Given data |
────────────────

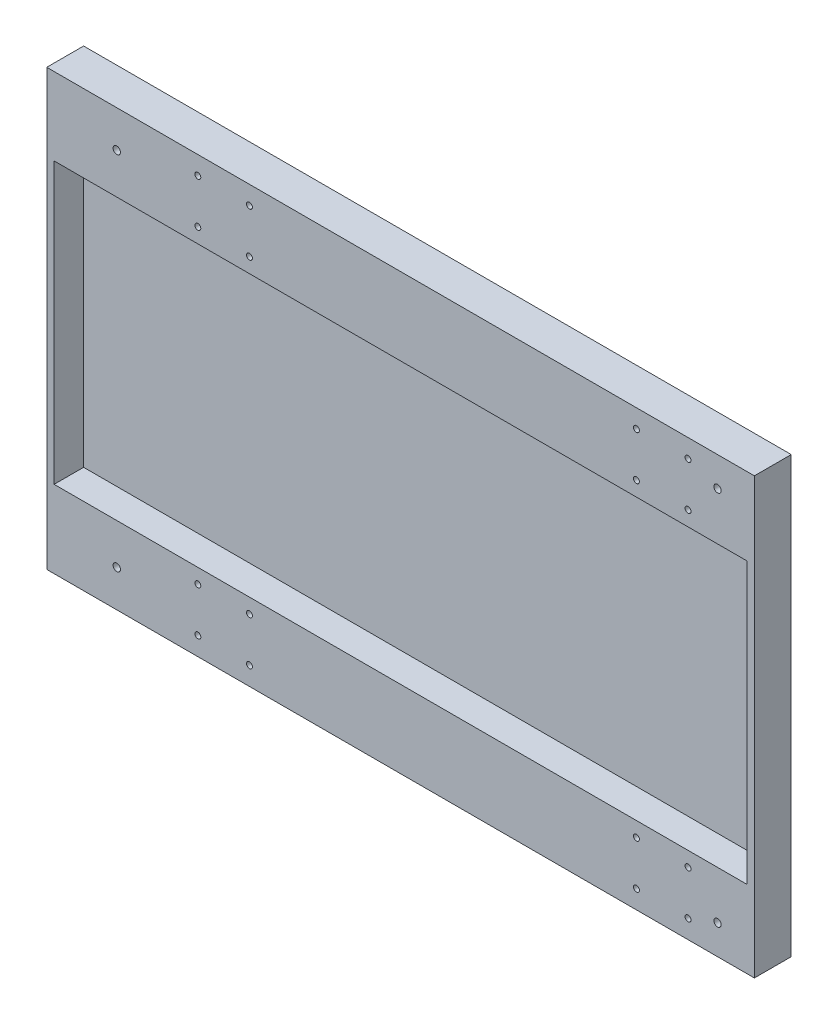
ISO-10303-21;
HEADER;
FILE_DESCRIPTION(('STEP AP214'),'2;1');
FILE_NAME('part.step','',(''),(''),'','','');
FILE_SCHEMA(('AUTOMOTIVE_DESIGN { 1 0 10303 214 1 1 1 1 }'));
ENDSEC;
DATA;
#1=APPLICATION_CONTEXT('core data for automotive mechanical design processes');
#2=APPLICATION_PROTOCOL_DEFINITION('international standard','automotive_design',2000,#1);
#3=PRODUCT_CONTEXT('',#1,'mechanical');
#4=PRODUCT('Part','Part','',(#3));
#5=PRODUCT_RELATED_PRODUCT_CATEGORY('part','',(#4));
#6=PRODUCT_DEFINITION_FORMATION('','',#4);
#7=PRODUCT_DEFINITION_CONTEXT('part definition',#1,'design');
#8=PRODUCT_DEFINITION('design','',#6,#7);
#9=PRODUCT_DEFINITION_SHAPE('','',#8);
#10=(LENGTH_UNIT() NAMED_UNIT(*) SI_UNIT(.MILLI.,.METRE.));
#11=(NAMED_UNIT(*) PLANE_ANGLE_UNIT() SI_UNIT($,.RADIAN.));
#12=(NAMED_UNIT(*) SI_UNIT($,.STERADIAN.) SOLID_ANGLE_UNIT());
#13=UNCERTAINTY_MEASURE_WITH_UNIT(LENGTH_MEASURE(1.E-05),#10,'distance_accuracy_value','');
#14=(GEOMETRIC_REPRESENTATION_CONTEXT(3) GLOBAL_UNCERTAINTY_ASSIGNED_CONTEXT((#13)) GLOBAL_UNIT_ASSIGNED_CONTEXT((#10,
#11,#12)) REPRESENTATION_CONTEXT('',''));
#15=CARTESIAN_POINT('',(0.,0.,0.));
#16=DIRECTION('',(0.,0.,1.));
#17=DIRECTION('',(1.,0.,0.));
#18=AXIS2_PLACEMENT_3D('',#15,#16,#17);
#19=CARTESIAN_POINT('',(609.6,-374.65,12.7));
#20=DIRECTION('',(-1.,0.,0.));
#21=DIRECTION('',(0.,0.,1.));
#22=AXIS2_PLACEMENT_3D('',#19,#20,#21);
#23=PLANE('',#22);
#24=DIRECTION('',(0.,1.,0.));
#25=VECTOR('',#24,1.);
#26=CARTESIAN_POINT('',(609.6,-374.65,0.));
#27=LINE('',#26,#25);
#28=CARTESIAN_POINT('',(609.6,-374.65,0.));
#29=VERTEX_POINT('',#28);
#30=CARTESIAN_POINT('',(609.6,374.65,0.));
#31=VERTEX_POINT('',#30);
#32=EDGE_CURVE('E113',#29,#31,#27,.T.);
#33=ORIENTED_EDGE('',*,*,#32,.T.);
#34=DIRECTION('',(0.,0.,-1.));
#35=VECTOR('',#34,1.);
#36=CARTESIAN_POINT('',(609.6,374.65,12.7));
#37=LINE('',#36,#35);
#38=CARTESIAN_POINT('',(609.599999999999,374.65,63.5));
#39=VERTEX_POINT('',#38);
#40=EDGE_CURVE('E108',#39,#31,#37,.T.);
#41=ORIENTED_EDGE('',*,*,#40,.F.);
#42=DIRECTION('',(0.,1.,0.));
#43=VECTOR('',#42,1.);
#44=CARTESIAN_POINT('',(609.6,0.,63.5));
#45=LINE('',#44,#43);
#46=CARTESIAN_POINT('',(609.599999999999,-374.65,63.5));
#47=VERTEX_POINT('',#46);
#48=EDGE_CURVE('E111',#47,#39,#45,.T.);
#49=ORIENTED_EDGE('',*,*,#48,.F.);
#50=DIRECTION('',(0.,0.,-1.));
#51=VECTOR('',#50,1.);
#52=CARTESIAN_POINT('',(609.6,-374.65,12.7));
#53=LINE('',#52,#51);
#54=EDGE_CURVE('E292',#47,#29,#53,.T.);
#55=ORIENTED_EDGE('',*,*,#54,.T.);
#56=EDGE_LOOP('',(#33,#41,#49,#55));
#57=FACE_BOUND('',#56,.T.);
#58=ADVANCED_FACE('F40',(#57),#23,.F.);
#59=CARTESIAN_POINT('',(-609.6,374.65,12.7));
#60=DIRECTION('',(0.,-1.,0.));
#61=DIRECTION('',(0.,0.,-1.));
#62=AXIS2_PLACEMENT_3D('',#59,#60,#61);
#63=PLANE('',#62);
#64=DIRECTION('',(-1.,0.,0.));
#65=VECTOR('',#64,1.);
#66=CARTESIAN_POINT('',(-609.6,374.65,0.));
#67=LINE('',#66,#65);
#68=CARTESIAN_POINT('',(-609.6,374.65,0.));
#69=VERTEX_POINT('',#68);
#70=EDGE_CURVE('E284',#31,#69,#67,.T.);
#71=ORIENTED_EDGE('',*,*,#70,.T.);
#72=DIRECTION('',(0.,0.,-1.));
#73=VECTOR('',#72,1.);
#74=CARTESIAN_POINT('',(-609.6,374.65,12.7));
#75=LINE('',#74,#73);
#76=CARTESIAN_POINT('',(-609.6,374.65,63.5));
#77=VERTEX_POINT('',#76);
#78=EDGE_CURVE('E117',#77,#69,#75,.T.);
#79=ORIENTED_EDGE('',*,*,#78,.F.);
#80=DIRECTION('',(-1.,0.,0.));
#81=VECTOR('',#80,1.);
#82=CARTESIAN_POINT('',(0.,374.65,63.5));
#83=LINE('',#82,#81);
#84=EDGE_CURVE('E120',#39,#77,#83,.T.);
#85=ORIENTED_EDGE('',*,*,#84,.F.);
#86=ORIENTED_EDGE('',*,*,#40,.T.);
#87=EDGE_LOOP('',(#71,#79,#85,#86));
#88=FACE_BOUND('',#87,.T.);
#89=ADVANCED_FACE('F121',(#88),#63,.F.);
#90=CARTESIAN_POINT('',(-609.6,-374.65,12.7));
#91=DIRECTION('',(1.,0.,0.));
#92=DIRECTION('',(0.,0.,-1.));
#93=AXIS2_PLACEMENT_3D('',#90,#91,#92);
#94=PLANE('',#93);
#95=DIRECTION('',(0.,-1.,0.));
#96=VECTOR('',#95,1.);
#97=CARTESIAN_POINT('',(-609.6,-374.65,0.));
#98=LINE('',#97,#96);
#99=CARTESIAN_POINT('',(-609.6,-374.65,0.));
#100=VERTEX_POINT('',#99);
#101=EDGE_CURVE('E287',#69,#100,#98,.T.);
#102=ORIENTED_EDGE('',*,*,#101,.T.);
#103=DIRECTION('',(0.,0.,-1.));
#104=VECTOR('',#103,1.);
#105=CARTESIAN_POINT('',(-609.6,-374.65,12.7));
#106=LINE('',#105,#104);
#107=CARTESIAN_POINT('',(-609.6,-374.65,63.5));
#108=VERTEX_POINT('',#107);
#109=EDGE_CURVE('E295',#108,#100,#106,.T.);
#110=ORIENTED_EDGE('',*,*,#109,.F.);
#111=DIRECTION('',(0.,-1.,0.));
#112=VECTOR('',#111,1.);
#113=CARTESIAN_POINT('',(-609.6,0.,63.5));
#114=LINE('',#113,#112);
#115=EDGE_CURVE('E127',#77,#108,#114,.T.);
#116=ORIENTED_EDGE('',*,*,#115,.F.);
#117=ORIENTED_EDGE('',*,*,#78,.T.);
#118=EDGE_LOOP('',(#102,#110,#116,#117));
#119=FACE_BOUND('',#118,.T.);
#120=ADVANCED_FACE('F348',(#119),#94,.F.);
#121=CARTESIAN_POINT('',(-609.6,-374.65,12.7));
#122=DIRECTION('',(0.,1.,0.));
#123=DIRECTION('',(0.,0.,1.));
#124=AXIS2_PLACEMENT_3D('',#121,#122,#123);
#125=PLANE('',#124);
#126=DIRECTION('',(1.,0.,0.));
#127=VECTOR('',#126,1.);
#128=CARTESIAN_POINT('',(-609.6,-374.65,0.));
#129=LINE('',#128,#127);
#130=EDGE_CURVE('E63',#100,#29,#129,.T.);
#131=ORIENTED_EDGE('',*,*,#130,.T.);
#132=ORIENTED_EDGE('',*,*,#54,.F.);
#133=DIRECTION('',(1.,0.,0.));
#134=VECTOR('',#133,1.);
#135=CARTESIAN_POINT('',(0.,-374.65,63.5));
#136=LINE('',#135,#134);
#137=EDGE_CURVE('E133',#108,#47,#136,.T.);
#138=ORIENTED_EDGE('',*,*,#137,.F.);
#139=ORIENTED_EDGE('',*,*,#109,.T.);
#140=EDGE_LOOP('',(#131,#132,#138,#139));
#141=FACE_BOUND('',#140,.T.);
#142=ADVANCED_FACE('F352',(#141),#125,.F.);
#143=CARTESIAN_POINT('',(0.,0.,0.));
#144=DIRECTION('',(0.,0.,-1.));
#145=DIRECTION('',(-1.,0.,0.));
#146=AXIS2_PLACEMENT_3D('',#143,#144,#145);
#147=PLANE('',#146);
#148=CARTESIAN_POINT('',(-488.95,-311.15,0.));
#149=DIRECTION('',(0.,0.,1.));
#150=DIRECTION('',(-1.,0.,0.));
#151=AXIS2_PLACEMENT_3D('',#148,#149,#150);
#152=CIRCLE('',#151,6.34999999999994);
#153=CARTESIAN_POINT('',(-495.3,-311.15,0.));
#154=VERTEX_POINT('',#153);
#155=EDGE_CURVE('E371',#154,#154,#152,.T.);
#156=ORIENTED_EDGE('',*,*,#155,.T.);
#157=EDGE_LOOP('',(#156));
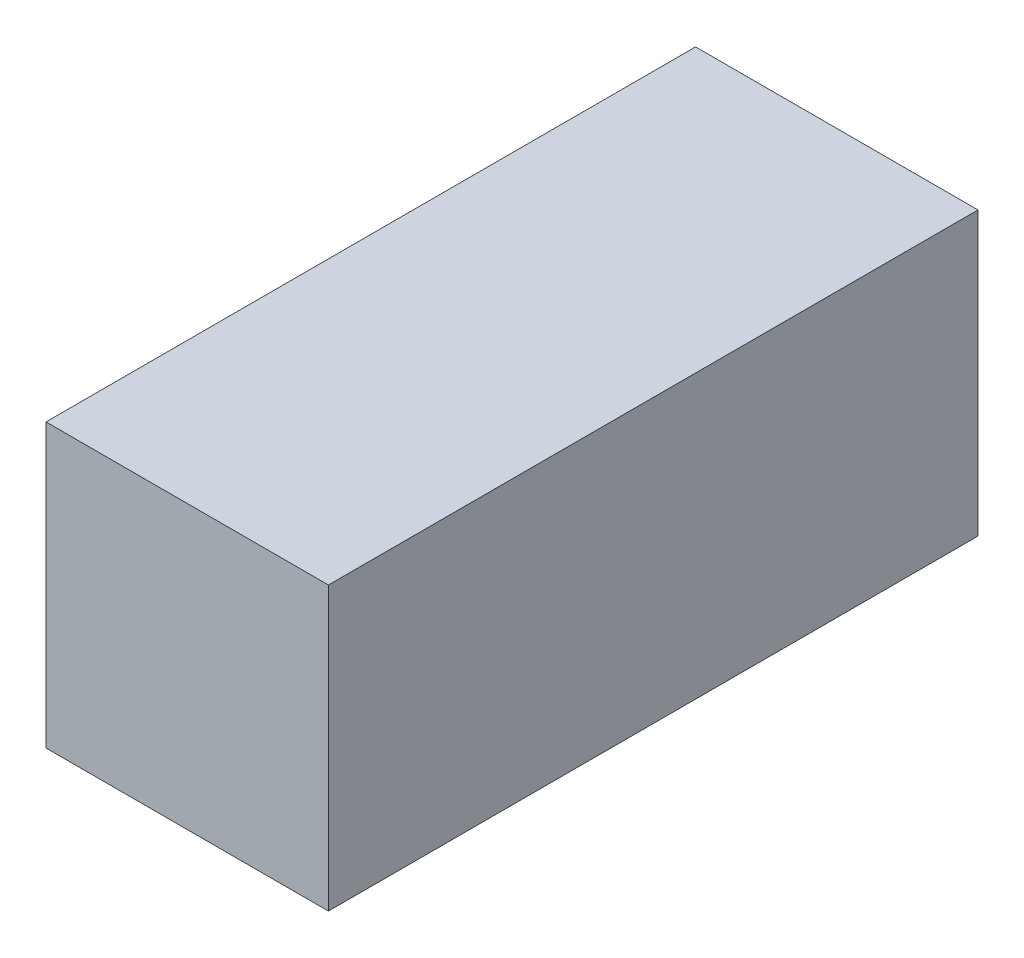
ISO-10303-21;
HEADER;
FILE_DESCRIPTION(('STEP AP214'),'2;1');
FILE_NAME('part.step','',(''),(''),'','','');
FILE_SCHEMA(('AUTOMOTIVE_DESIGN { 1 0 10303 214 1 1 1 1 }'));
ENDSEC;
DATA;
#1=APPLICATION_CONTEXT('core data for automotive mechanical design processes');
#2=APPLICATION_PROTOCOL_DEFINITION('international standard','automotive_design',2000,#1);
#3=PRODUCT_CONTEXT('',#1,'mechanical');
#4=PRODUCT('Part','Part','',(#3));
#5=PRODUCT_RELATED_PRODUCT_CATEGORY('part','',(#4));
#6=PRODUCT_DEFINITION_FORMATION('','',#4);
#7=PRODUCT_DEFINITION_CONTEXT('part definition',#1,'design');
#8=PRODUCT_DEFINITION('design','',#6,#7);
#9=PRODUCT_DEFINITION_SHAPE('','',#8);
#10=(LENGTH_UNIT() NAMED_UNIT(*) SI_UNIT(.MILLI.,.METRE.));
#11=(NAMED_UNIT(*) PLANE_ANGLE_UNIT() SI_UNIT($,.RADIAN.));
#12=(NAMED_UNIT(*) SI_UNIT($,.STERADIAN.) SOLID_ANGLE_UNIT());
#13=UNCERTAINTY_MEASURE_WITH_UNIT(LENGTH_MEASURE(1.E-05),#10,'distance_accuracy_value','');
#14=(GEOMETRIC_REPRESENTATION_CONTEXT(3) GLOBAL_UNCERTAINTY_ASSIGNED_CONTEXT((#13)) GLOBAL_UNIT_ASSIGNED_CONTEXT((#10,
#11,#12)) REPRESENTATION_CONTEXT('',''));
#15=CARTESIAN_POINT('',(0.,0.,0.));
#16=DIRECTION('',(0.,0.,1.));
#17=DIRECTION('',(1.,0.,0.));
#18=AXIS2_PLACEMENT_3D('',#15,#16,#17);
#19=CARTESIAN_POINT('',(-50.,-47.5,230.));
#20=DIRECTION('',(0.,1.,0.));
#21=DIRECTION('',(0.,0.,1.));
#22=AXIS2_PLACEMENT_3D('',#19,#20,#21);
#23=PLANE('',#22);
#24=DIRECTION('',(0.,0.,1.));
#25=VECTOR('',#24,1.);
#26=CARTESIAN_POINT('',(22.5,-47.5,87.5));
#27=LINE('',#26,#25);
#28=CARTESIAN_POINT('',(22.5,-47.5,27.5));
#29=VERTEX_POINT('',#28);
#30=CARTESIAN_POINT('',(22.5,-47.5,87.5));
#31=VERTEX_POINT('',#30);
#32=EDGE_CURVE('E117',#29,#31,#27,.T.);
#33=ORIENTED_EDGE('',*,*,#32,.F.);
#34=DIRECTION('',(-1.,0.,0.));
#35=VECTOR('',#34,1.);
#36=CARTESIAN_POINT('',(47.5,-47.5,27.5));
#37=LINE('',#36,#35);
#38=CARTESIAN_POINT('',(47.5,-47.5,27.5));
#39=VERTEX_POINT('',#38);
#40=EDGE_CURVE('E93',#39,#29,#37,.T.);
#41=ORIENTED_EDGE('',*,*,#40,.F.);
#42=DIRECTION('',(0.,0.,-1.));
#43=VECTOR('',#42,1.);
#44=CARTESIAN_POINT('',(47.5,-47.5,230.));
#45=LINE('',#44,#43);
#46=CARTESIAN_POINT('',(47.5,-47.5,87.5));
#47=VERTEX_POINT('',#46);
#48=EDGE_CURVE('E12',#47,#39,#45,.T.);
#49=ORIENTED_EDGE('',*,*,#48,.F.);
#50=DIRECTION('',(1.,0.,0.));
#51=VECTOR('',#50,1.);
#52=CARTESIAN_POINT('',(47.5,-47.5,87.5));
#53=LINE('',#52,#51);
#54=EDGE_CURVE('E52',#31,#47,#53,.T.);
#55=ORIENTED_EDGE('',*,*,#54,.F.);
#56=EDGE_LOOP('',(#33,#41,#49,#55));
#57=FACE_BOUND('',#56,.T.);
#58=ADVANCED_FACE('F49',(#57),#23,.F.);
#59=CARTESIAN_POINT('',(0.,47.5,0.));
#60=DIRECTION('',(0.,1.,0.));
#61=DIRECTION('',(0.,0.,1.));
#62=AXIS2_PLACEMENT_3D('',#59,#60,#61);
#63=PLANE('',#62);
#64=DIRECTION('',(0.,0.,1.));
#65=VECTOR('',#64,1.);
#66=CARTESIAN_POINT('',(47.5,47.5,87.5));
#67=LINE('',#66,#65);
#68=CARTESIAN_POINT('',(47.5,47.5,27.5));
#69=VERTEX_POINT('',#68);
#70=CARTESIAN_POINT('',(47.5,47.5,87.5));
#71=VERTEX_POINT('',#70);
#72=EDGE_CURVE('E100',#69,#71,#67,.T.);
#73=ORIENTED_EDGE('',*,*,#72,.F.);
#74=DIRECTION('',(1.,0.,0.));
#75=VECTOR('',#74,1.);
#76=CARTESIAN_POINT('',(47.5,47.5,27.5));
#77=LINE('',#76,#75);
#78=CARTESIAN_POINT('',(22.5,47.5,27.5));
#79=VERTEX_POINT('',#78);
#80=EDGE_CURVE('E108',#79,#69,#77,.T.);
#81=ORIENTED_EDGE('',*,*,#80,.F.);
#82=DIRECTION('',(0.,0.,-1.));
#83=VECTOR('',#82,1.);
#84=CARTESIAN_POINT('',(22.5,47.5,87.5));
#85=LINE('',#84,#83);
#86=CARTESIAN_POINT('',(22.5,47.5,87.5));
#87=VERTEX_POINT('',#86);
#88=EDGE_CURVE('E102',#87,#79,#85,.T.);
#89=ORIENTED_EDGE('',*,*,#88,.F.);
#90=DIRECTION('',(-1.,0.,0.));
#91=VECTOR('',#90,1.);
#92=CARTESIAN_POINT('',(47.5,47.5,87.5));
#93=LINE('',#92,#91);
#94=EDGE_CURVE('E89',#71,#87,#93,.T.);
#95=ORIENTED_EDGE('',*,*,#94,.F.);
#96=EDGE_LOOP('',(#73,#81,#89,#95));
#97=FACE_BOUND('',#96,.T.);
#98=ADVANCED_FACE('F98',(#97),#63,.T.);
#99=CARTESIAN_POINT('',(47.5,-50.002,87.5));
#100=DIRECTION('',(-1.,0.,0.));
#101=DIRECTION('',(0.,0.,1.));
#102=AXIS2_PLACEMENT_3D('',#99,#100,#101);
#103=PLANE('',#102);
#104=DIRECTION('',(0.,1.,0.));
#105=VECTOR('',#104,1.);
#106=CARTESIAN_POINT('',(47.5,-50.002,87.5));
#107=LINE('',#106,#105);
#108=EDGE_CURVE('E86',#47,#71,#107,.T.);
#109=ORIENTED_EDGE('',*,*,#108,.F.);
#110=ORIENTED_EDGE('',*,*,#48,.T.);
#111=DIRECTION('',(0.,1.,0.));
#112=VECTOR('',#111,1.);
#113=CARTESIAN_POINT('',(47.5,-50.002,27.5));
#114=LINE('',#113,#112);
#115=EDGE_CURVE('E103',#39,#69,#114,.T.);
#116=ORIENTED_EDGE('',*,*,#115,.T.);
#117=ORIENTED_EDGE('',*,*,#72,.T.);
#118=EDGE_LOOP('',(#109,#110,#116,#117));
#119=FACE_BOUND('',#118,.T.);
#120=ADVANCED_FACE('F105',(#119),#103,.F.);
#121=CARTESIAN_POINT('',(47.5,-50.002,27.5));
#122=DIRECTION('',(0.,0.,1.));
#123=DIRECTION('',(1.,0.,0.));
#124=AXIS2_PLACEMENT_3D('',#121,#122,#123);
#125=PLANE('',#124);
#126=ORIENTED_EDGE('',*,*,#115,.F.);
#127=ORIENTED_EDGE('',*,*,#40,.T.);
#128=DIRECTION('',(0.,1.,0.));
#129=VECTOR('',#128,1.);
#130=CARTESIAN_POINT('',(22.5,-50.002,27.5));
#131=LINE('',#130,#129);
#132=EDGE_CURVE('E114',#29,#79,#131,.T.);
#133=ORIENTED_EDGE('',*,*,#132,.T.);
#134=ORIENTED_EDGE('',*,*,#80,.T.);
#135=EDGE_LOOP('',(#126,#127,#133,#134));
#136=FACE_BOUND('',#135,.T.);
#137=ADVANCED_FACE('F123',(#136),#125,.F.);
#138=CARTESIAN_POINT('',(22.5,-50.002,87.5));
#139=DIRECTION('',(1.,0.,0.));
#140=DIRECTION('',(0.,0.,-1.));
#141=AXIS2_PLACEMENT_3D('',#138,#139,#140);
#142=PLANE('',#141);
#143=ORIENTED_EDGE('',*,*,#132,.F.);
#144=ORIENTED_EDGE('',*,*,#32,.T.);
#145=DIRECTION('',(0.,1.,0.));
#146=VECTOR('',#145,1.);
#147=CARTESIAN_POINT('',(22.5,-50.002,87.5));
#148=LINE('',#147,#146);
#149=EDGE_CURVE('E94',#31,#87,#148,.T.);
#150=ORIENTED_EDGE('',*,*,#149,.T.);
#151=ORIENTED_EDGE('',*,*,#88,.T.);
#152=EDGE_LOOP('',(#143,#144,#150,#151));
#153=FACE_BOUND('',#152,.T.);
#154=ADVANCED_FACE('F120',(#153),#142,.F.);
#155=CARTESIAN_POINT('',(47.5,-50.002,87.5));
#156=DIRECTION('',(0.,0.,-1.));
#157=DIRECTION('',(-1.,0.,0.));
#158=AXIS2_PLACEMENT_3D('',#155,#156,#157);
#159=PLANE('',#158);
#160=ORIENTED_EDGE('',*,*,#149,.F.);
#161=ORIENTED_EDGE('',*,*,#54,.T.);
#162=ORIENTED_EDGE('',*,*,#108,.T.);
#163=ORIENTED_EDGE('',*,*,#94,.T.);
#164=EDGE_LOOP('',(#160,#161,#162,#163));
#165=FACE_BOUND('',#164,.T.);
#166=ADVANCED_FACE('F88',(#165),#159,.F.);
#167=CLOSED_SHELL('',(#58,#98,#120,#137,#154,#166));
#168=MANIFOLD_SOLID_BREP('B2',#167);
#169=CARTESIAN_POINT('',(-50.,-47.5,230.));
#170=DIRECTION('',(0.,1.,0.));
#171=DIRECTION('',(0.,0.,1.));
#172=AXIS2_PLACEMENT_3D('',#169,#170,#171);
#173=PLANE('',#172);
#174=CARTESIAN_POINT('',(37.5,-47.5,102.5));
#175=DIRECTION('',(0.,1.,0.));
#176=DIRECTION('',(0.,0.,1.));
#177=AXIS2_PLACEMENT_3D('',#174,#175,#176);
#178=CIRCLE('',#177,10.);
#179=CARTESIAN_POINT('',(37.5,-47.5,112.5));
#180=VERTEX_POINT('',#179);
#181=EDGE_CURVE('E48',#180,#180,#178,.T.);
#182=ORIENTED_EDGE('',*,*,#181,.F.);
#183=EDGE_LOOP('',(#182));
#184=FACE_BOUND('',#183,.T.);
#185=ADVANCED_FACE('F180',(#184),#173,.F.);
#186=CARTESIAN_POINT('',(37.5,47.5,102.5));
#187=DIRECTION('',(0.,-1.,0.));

────────────────

Exercise | Copy the records above exactly, beginning at the line that contains "#96=EDGE_LOOP('',(#73,#81,#89,#95));" and stopping after the line that contains "#118=EDGE_LOOP('',(#109,#110,#116,#117));".

Completed exercise |
#96=EDGE_LOOP('',(#73,#81,#89,#95));
#97=FACE_BOUND('',#96,.T.);
#98=ADVANCED_FACE('F98',(#97),#63,.T.);
#99=CARTESIAN_POINT('',(47.5,-50.002,87.5));
#100=DIRECTION('',(-1.,0.,0.));
#101=DIRECTION('',(0.,0.,1.));
#102=AXIS2_PLACEMENT_3D('',#99,#100,#101);
#103=PLANE('',#102);
#104=DIRECTION('',(0.,1.,0.));
#105=VECTOR('',#104,1.);
#106=CARTESIAN_POINT('',(47.5,-50.002,87.5));
#107=LINE('',#106,#105);
#108=EDGE_CURVE('E86',#47,#71,#107,.T.);
#109=ORIENTED_EDGE('',*,*,#108,.F.);
#110=ORIENTED_EDGE('',*,*,#48,.T.);
#111=DIRECTION('',(0.,1.,0.));
#112=VECTOR('',#111,1.);
#113=CARTESIAN_POINT('',(47.5,-50.002,27.5));
#114=LINE('',#113,#112);
#115=EDGE_CURVE('E103',#39,#69,#114,.T.);
#116=ORIENTED_EDGE('',*,*,#115,.T.);
#117=ORIENTED_EDGE('',*,*,#72,.T.);
#118=EDGE_LOOP('',(#109,#110,#116,#117));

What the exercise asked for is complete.